Set down exactly, from the records below, the line with "-4.3598915413), (51.0496692561, -13.4370785738))" through the line with "-1.038184698), (51.4876921444, -8.808282204))", and nothing else.

[Material for this task]

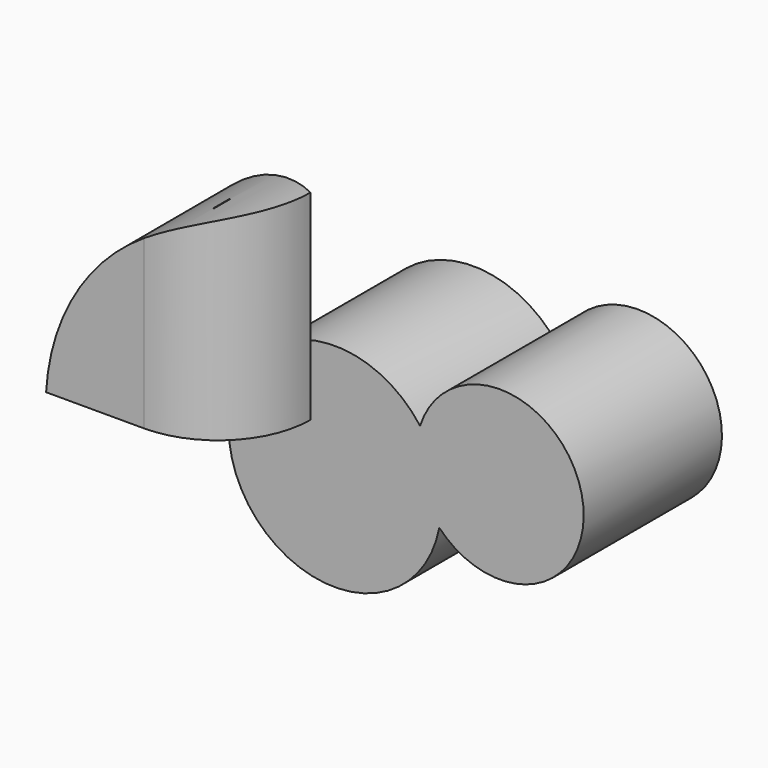
from build123d import *

# Parameters (mm, degrees)
F0_W        = 44.3030558527
F0_H        = 33.7232230231
F0_W_2      = 0.2780174837
F0_H_2      = 4.7262893058
F1_DEPTH    = 46.482
F2_T1_DEPTH = 280.6193273788
F3_R        = 21.4623585695
F4_T1_DEPTH = 270.9255150881
F6_DEPTH    = 40.132


# Not quite as in the source:
# - a fillet or chamfer that OpenCascade refuses, or shapes differently, is made with other operations: its cross-section is extruded or revolved along the edge and cut away or added


with BuildPart() as f1:
    # F0 (on Top) → F1 (new body)
    with BuildSketch(Plane.XY):
        with Locations((0.330619514, -6.2817768194)):
            Rectangle(F0_W, F0_H)
        with Locations((8.0964784138, -9.5091590192)):
            Rectangle(F0_W_2, F0_H_2, mode=Mode.SUBTRACT)
    extrude(amount=F1_DEPTH)

    # F2: fillet of radius 49.6700298323 on 1 edges, made by hand

    # F2_s2 → F2_t1 (cut)
    with BuildSketch(Plane.XZ.offset(-134.02788687)):
        with BuildLine():
            ThreePointArc((-21.8209084123, -2.8972208711), (-9.1217429277, 30.2730527625), (22.4821474403, 46.482))
            Line((22.4821474403, 46.482), (-21.8209084123, 46.482))
            Line((-21.8209084123, 46.482), (-21.8209084123, -2.8972208711))
        make_face()
    extrude(amount=F2_T1_DEPTH, mode=Mode.SUBTRACT)

    # F3
    f3_edges = [f1.edges().sort_by_distance(p)[0] for p in [
        (22.482147, -23.143388, 23.241),
    ]]
    fillet(f3_edges, radius=F3_R)

    # F4: fillet of radius 88.3022752574 on 2 edges, made by hand

    # F4_s2 → F4_t1 (cut)
    with BuildSketch(Plane.XY.offset(-112.221757544)):
        with BuildLine():
            ThreePointArc((22.4821474403, -1.6810297614), (0.8599678832, 7.4594865185), (-22.4065555773, 10.5798346922))
            Line((-22.4065555773, 10.5798346922), (22.4821474403, 10.5798346922))
            Line((22.4821474403, 10.5798346922), (22.4821474403, -1.6810297614))
        make_face()
    extrude(amount=F4_T1_DEPTH, mode=Mode.SUBTRACT)

    # F5 (on Front) → F6 (join)
    with BuildSketch(Plane.XZ):
        with BuildLine():
            ThreePointArc((51.0496692561, -13.4370785738), (51.3779423625, -11.1330198173), (51.4876921444, -8.808282204))
            ThreePointArc((51.4876921444, -8.808282204), (50.2324406688, -1.038184698), (46.594391977, 5.9414050633))
            ThreePointArc((46.594391977, 5.9414050633), (46.1598632778, -4.3598915413), (51.0496692561, -13.4370785738))
        make_face()
        with BuildLine():
            ThreePointArc((46.594391977, 5.9414050633), (50.2324406688, -1.038184698), (51.4876921444, -8.808282204))
            ThreePointArc((51.4876921444, -8.808282204), (51.3779423625, -11.1330198173), (51.0496692561, -13.4370785738))
            ThreePointArc((51.0496692561, -13.4370785738), (72.3613537789, -18.0621042721), (84.58179359, 0))
            ThreePointArc((84.58179359, 0), (68.1302794475, 19.2246129703), (46.594391977, 5.9414050633))
        make_face()
        with BuildLine():
            ThreePointArc((51.0496692561, -13.4370785738), (46.1598632778, -4.3598915413), (46.594391977, 5.9414050633))
            ThreePointArc((46.594391977, 5.9414050633), (2.7623791307, -14.3373401751), (51.0496692561, -13.4370785738))
        make_face()
    extrude(amount=-F6_DEPTH)


solid = f1.part

[/Material for this task]

## Answer to the exercise
            ThreePointArc((46.594391977, 5.9414050633), (46.1598632778, -4.3598915413), (51.0496692561, -13.4370785738))
        make_face()
        with BuildLine():
            ThreePointArc((46.594391977, 5.9414050633), (50.2324406688, -1.038184698), (51.4876921444, -8.808282204))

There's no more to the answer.